**Task to complete:**
For the material that follows, work out how many lines hold the word "body" and answer only with the number.

**The records:**
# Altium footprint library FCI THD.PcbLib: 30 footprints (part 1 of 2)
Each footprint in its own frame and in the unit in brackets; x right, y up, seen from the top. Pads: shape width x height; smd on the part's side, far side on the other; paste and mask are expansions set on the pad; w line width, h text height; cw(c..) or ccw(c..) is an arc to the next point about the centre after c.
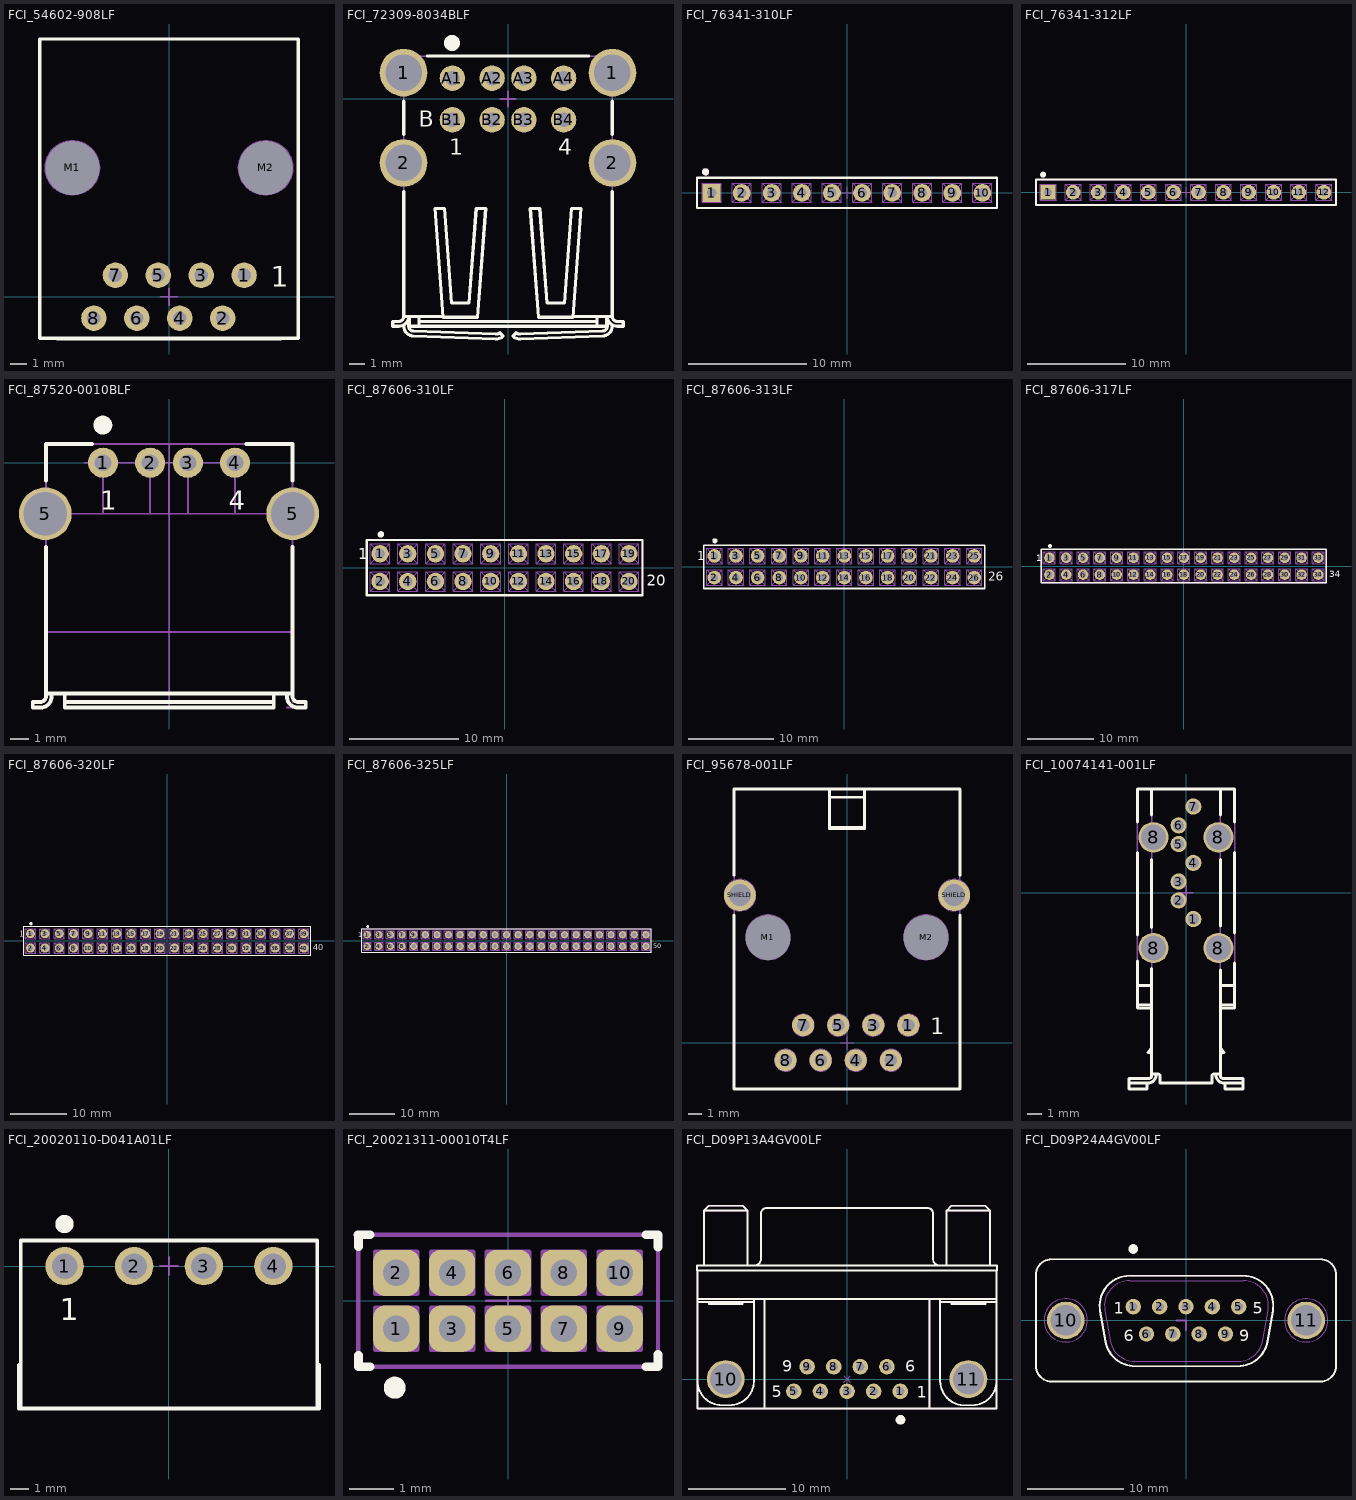
[diagram p0: the footprints below, top view; thin cyan lines are the x and y axes]

## FCI_54602-908LF [mm] "1 Port, 8 Positions, CAT3 RJ45 Horizontal Modular Jack"
height 10
pads (10):
  round 1.5 hole 0.8: 1(4.445,1.27) 2(3.175,-1.27) 3(1.905,1.27) 4(0.635,-1.27) 5(-0.635,1.27) 6(-1.905,-1.27) 7(-3.171,1.27) 8(-4.445,-1.27)
  round 1 hole 3.2 unplated mask+1.1: M1(-5.715,7.62) M2(5.715,7.62)
Top Overlay:
  lines w0.2: -6.6,-2.46 -6.6,-2.5 6.6,-2.5 6.6,-2.46 ; -7.65,-2.46 7.65,-2.46 7.65,15.24 -7.65,15.24 -7.65,-2.46
  text "1" at 6.03,0.6 h1.2
Mechanical 8:
  circle w0.1: c5.715,7.62 r1.6
  circle w0.1: c-5.715,7.62 r1.6
  circle w0.1: c4.445,1.27 r0.415
  circle w0.1: c-3.175,1.27 r0.415
  circle w0.1: c-4.445,-1.27 r0.415
  circle w0.1: c3.175,-1.27 r0.415
  lines w0.1: -6.215,7.62 -5.715,7.62 ; -5.715,7.12 -5.715,7.62 ; -5.715,8.12 -5.715,7.62 ; -5.215,7.62 -5.715,7.62 ; -4.945,-1.27 -4.445,-1.27 ; -4.445,-1.77 -4.445,-1.27 ; -4.445,-0.77 -4.445,-1.27 ; -3.945,-1.27 -4.445,-1.27 ; -3.675,1.27 -3.175,1.27 ; -3.175,0.77 -3.175,1.27 ; -3.175,1.77 -3.175,1.27 ; -2.675,1.27 -3.175,1.27 ; -2.405,-1.27 -1.905,-1.27 ; -1.905,-1.77 -1.905,-1.27 ; -1.905,-0.77 -1.905,-1.27 ; -1.405,-1.27 -1.905,-1.27 ; -1.135,1.27 -0.635,1.27 ; -0.635,0.77 -0.635,1.27 ; -0.635,1.77 -0.635,1.27 ; -0.5,0 0,0 ; -0.135,1.27 -0.635,1.27 ; 0,-0.5 0,0 ; 0,0.5 0,0 ; 0.135,-1.27 0.635,-1.27 ; 0.5,0 0,0 ; 0.635,-1.77 0.635,-1.27 ; 0.635,-0.77 0.635,-1.27 ; 1.135,-1.27 0.635,-1.27 ; 1.405,1.27 1.905,1.27 ; 1.905,0.77 1.905,1.27 ; 1.905,1.77 1.905,1.27 ; 2.405,1.27 1.905,1.27 ; 2.675,-1.27 3.175,-1.27 ; 3.175,-1.77 3.175,-1.27 ; 3.175,-0.77 3.175,-1.27 ; 3.675,-1.27 3.175,-1.27 ; 3.945,1.27 4.445,1.27 ; 4.445,0.77 4.445,1.27 ; 4.445,1.77 4.445,1.27 ; 4.945,1.27 4.445,1.27 ; 5.215,7.62 5.715,7.62 ; 5.715,7.12 5.715,7.62 ; 5.715,8.12 5.715,7.62 ; 6.215,7.62 5.715,7.62
Mechanical 14:
  lines w0.1: -6.6,-2.46 -6.6,-2.5 6.6,-2.5 6.6,-2.46 ; -7.65,-2.46 7.65,-2.46 7.65,15.24 -7.65,15.24 -7.65,-2.46
  text "1" at 6.03,0.6 h1.2
3D body "FCI_54602-908LF.stp": height 12.7, standoff -3.5, extent -7.65,-2.5 7.65,15.24

## FCI_72309-8034BLF [mm] "Dual USB Type A 4 Pin Receptacle, Right Angle, Shielded"
height 15.5
pads (12):
  round 3 hole 2.3: 1(-6.57,1.66) 1(6.57,1.66) 2(-6.57,-4.02) 2(6.57,-4.02)
  round 1.6 hole 0.9: A1(-3.5,1.31) A2(-1,1.31) A3(1,1.31) A4(3.5,1.31) B1(-3.5,-1.31) B2(-1,-1.31) B3(1,-1.31) B4(3.5,-1.31)
Top Overlay:
  circle w0.5: c-3.525,3.525 r0.25
  lines w0.2: -6.555,-14.214 -6.555,-14.3 ccw(c-5.95,-14.3) -5.973,-14.905 -0.78,-15.1 ccw(c-0.755,-14.433) -0.305,-14.925 -0.511,-14.7 cw(c-0.755,-14.433) -0.769,-14.795 -5.961,-14.6 cw(c-5.95,-14.3) -6.25,-14.3 -6.25,-13.68 cw(c-6.87,-13.68) -6.87,-14.3 -7.25,-14.301 -7.25,-13.995 -6.87,-13.995 ccw(c-6.87,-13.68) -6.555,-13.68 ; -6.555,-5.82 -6.555,-13.68 ; -6.555,-2.22 -6.555,-0.14 ; -6.2,-13.68 -6.2,-14.3 6.2,-14.3 6.2,-13.68 ; -5.6,-14.3 -5.6,-13.68 ; -5.6,-13.995 5.6,-13.995 ; -5.102,2.701 5.086,2.7 ; -4.094,-13.68 -6.555,-13.68 ; -4.085,-13.724 -4.602,-6.88 -4,-6.88 -3.55,-12.84 -2.45,-12.84 -2,-6.88 -1.398,-6.88 -1.915,-13.73 -4.085,-13.73 ; 0.755,-14.795 5.961,-14.6 ccw(c5.95,-14.3) 6.25,-14.3 6.25,-13.68 ccw(c6.87,-13.68) 6.87,-14.3 7.25,-14.3 7.25,-13.995 6.87,-13.995 cw(c6.87,-13.68) 6.555,-13.68 ; 0.769,-14.795 cw(c0.755,-14.433) 0.511,-14.7 0.305,-14.925 ccw(c0.755,-14.433) 0.78,-15.1 5.973,-14.905 ccw(c5.95,-14.3) 6.555,-14.3 6.555,-14.214 ; 1.915,-13.73 4.085,-13.73 4.602,-6.88 4,-6.88 3.55,-12.84 2.45,-12.84 2,-6.88 1.398,-6.88 1.915,-13.724 ; 4.088,-13.68 6.555,-13.68 ; 5.6,-14.3 5.6,-13.68 ; 6.555,-5.82 6.555,-13.68 ; 6.555,-2.22 6.555,-0.14
  text "4" at 3.148,-3.5 h1
  text "1" at -3.685,-3.5 h1
  text "B" at -5.613,-1.75 h1
Mechanical 8:
  lines w0.1: -7.07,-4.02 -6.57,-4.02 ; -7.07,1.66 -6.57,1.66 ; -6.57,-4.52 -6.57,-4.02 ; -6.57,-3.52 -6.57,-4.02 ; -6.57,1.16 -6.57,1.66 ; -6.57,2.16 -6.57,1.66 ; -6.07,-4.02 -6.57,-4.02 ; -6.07,1.66 -6.57,1.66 ; -4,-1.31 -3.5,-1.31 ; -4,1.31 -3.5,1.31 ; -3.5,-1.81 -3.5,-1.31 ; -3.5,-0.81 -3.5,-1.31 ; -3.5,0.81 -3.5,1.31 ; -3.5,1.81 -3.5,1.31 ; -3,-1.31 -3.5,-1.31 ; -3,1.31 -3.5,1.31 ; -1.5,-1.31 -1,-1.31 ; -1.5,1.31 -1,1.31 ; -1,-1.81 -1,-1.31 ; -1,-0.81 -1,-1.31 ; -1,0.81 -1,1.31 ; -1,1.81 -1,1.31 ; -0.5,-1.31 -1,-1.31 ; -0.5,0 0,0 ; -0.5,1.31 -1,1.31 ; 0,-0.5 0,0 ; 0,0.5 0,0 ; 0.5,-1.31 1,-1.31 ; 0.5,0 0,0 ; 0.5,1.31 1,1.31 ; 1,-1.81 1,-1.31 ; 1,-0.81 1,-1.31 ; 1,0.81 1,1.31 ; 1,1.81 1,1.31 ; 1.5,-1.31 1,-1.31 ; 1.5,1.31 1,1.31 ; 3,-1.31 3.5,-1.31 ; 3,1.31 3.5,1.31 ; 3.5,-1.81 3.5,-1.31 ; 3.5,-0.81 3.5,-1.31 ; 3.5,0.81 3.5,1.31 ; 3.5,1.81 3.5,1.31 ; 4,-1.31 3.5,-1.31 ; 4,1.31 3.5,1.31 ; 6.07,-4.02 6.57,-4.02 ; 6.07,1.66 6.57,1.66 ; 6.57,-4.52 6.57,-4.02 ; 6.57,-3.52 6.57,-4.02 ; 6.57,1.16 6.57,1.66 ; 6.57,2.16 6.57,1.66 ; 7.07,-4.02 6.57,-4.02 ; 7.07,1.66 6.57,1.66
Mechanical 14:
  lines w0.1: -6.555,-14.214 -6.555,-14.3 ccw(c-5.95,-14.3) -5.973,-14.905 -0.78,-15.1 ccw(c-0.755,-14.433) -0.305,-14.925 -0.511,-14.7 cw(c-0.755,-14.433) -0.769,-14.795 -5.961,-14.6 cw(c-5.95,-14.3) -6.25,-14.3 -6.25,-13.68 cw(c-6.87,-13.68) -6.87,-14.3 -7.25,-14.301 -7.25,-13.995 -6.87,-13.995 ccw(c-6.87,-13.68) -6.555,-13.68 ; -6.555,1 -7.5,1 -7.5,2 -6.555,2 ; -6.555,2.701 6.555,2.7 ; -6.25,2.7 -6.25,2.918 -6.555,2.918 -6.555,-13.68 ; -6.2,-13.68 -6.2,-14.3 6.2,-14.3 6.2,-13.68 ; -5.6,-14.3 -5.6,-13.68 ; -5.6,-13.995 5.6,-13.995 ; -4.094,-13.68 -6.555,-13.68 ; -4.085,-13.724 -4.602,-6.88 -4,-6.88 -3.55,-12.84 -2.45,-12.84 -2,-6.88 -1.398,-6.88 -1.915,-13.73 -4.085,-13.73 ; 0.755,-14.795 5.961,-14.6 ccw(c5.95,-14.3) 6.25,-14.3 6.25,-13.68 ccw(c6.87,-13.68) 6.87,-14.3 7.25,-14.3 7.25,-13.995 6.87,-13.995 cw(c6.87,-13.68) 6.555,-13.68 ; 0.769,-14.795 cw(c0.755,-14.433) 0.511,-14.7 0.305,-14.925 ccw(c0.755,-14.433) 0.78,-15.1 5.973,-14.905 ccw(c5.95,-14.3) 6.555,-14.3 6.555,-14.214 ; 1.915,-13.73 4.085,-13.73 4.602,-6.88 4,-6.88 3.55,-12.84 2.45,-12.84 2,-6.88 1.398,-6.88 1.915,-13.724 ; 4.088,-13.68 6.555,-13.68 ; 5.6,-14.3 5.6,-13.68 ; 6.25,2.7 6.25,2.918 6.555,2.918 6.555,-13.68 ; 6.555,1 7.5,1 7.5,2 6.555,2
  text "4" at 3.148,-3.5 h1
  text "1" at -3.685,-3.5 h1
  text "B" at -5.613,-1.75 h1
3D body "FCI_72309-8034BLF.stp": height 16.19, standoff -2.8, extent -7.5,-15.099 7.5,2.918

## FCI_76341-310LF [mm] "2.54mm (.100\") Pitch, 10 Circuits  Single Row  Top Entry Through Mount Receptacle"
height 7
pads (10):
  rect 1.5x1.5 hole 0.8: 1(-11.43,0)
  round 1.5 hole 0.8: 2(-8.89,0) 3(-6.35,0) 4(-3.81,0) 5(-1.27,0) 6(1.27,0) 7(3.81,0) 8(6.35,0) 9(8.89,0) 10(11.43,0)
Top Overlay:
  circle w0.3: c-11.938,1.778 r0.15
  lines w0.2: -12.66,-1.27 12.66,-1.27 12.66,1.27 -12.66,1.27 -12.66,-1.27
Mechanical 8:
  lines w0.1: -11.93,0 -11.43,0 ; -11.43,-0.5 -11.43,0 ; -11.43,0.5 -11.43,0 ; -10.93,0 -11.43,0 ; -9.39,0 -8.89,0 ; -8.89,-0.5 -8.89,0 ; -8.89,0.5 -8.89,0 ; -8.39,0 -8.89,0 ; -6.85,0 -6.35,0 ; -6.35,-0.5 -6.35,0 ; -6.35,0.5 -6.35,0 ; -5.85,0 -6.35,0 ; -4.31,0 -3.81,0 ; -3.81,-0.5 -3.81,0 ; -3.81,0.5 -3.81,0 ; -3.31,0 -3.81,0 ; -1.77,0 -1.27,0 ; -1.27,-0.5 -1.27,0 ; -1.27,0.5 -1.27,0 ; -0.77,0 -1.27,0 ; -0.5,0 0,0 ; 0,-0.5 0,0 ; 0,0.5 0,0 ; 0.5,0 0,0 ; 0.77,0 1.27,0 ; 1.27,-0.5 1.27,0 ; 1.27,0.5 1.27,0 ; 1.77,0 1.27,0 ; 3.31,0 3.81,0 ; 3.81,-0.5 3.81,0 ; 3.81,0.5 3.81,0 ; 4.31,0 3.81,0 ; 5.85,0 6.35,0 ; 6.35,-0.5 6.35,0 ; 6.35,0.5 6.35,0 ; 6.85,0 6.35,0 ; 8.39,0 8.89,0 ; 8.89,-0.5 8.89,0 ; 8.89,0.5 8.89,0 ; 9.39,0 8.89,0 ; 10.93,0 11.43,0 ; 11.43,-0.5 11.43,0 ; 11.43,0.5 11.43,0 ; 11.93,0 11.43,0
Mechanical 14:
  circle w0.3: c-11.938,1.778 r0.15
  lines w0.1: -12.23,-0.8 -11.93,-0.5 ; -12.23,-0.8 -12.23,0.8 ; -12.23,-0.8 -10.63,-0.8 ; -12.23,0.8 -11.93,0.5 ; -12.23,0.8 -10.63,0.8 ; -11.93,-0.5 -11.93,0.5 ; -11.93,-0.5 -10.93,-0.5 ; -11.93,0.5 -10.93,0.5 ; -10.93,-0.5 -10.63,-0.8 ; -10.93,-0.5 -10.93,0.5 ; -10.93,0.5 -10.63,0.8 ; -10.63,-0.8 -10.63,0.8 ; -9.69,-0.8 -9.39,-0.5 ; -9.69,-0.8 -9.69,0.8 ; -9.69,-0.8 -8.09,-0.8 ; -9.69,0.8 -9.39,0.5 ; -9.69,0.8 -8.09,0.8 ; -9.39,-0.5 -9.39,0.5 ; -9.39,-0.5 -8.39,-0.5 ; -9.39,0.5 -8.39,0.5 ; -8.39,-0.5 -8.09,-0.8 ; -8.39,-0.5 -8.39,0.5 ; -8.39,0.5 -8.09,0.8 ; -8.09,-0.8 -8.09,0.8 ; -7.15,-0.8 -6.85,-0.5 ; -7.15,-0.8 -7.15,0.8 ; -7.15,-0.8 -5.55,-0.8 ; -7.15,0.8 -6.85,0.5 ; -7.15,0.8 -5.55,0.8 ; -6.85,-0.5 -6.85,0.5 ; -6.85,-0.5 -5.85,-0.5 ; -6.85,0.5 -5.85,0.5 ; -5.85,-0.5 -5.55,-0.8 ; -5.85,-0.5 -5.85,0.5 ; -5.85,0.5 -5.55,0.8 ; -5.55,-0.8 -5.55,0.8 ; -4.61,-0.8 -4.31,-0.5 ; -4.61,-0.8 -4.61,0.8 ; -4.61,-0.8 -3.01,-0.8 ; -4.61,0.8 -4.31,0.5 ; -4.61,0.8 -3.01,0.8 ; -4.31,-0.5 -4.31,0.5 ; -4.31,-0.5 -3.31,-0.5 ; -4.31,0.5 -3.31,0.5 ; -3.31,-0.5 -3.01,-0.8 ; -3.31,-0.5 -3.31,0.5 ; -3.31,0.5 -3.01,0.8 ; -3.01,-0.8 -3.01,0.8 ; -2.07,-0.8 -1.77,-0.5 ; -2.07,-0.8 -2.07,0.8 ; -2.07,-0.8 -0.47,-0.8 ; -2.07,0.8 -1.77,0.5 ; -2.07,0.8 -0.47,0.8 ; -1.77,-0.5 -1.77,0.5 ; -1.77,-0.5 -0.77,-0.5 ; -1.77,0.5 -0.77,0.5 ; -0.77,-0.5 -0.47,-0.8 ; -0.77,-0.5 -0.77,0.5 ; -0.77,0.5 -0.47,0.8 ; -0.47,-0.8 -0.47,0.8 ; 0.47,-0.8 0.77,-0.5 ; 0.47,-0.8 0.47,0.8 ; 0.47,-0.8 2.07,-0.8 ; 0.47,0.8 0.77,0.5 ; 0.47,0.8 2.07,0.8 ; 0.77,-0.5 0.77,0.5 ; 0.77,-0.5 1.77,-0.5 ; 0.77,0.5 1.77,0.5 ; 1.77,-0.5 2.07,-0.8 ; 1.77,-0.5 1.77,0.5 ; 1.77,0.5 2.07,0.8 ; 2.07,-0.8 2.07,0.8 ; 3.01,-0.8 3.31,-0.5 ; 3.01,-0.8 3.01,0.8 ; 3.01,-0.8 4.61,-0.8 ; 3.01,0.8 3.31,0.5 ; 3.01,0.8 4.61,0.8 ; 3.31,-0.5 3.31,0.5 ; 3.31,-0.5 4.31,-0.5 ; 3.31,0.5 4.31,0.5 ; 4.31,-0.5 4.61,-0.8 ; 4.31,-0.5 4.31,0.5 ; 4.31,0.5 4.61,0.8 ; 4.61,-0.8 4.61,0.8 ; 5.55,-0.8 5.85,-0.5 ; 5.55,-0.8 5.55,0.8 ; 5.55,-0.8 7.15,-0.8 ; 5.55,0.8 5.85,0.5 ; 5.55,0.8 7.15,0.8 ; 5.85,-0.5 5.85,0.5 ; 5.85,-0.5 6.85,-0.5 ; 5.85,0.5 6.85,0.5 ; 6.85,-0.5 7.15,-0.8 ; 6.85,-0.5 6.85,0.5 ; 6.85,0.5 7.15,0.8 ; 7.15,-0.8 7.15,0.8 ; 8.09,-0.8 8.39,-0.5 ; 8.09,-0.8 8.09,0.8 ; 8.09,-0.8 9.69,-0.8 ; 8.09,0.8 8.39,0.5 ; 8.09,0.8 9.69,0.8 ; 8.39,-0.5 8.39,0.5 ; 8.39,-0.5 9.39,-0.5 ; 8.39,0.5 9.39,0.5 ; 9.39,-0.5 9.69,-0.8 ; 9.39,-0.5 9.39,0.5 ; 9.39,0.5 9.69,0.8 ; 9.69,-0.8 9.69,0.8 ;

**Exercise output:**
2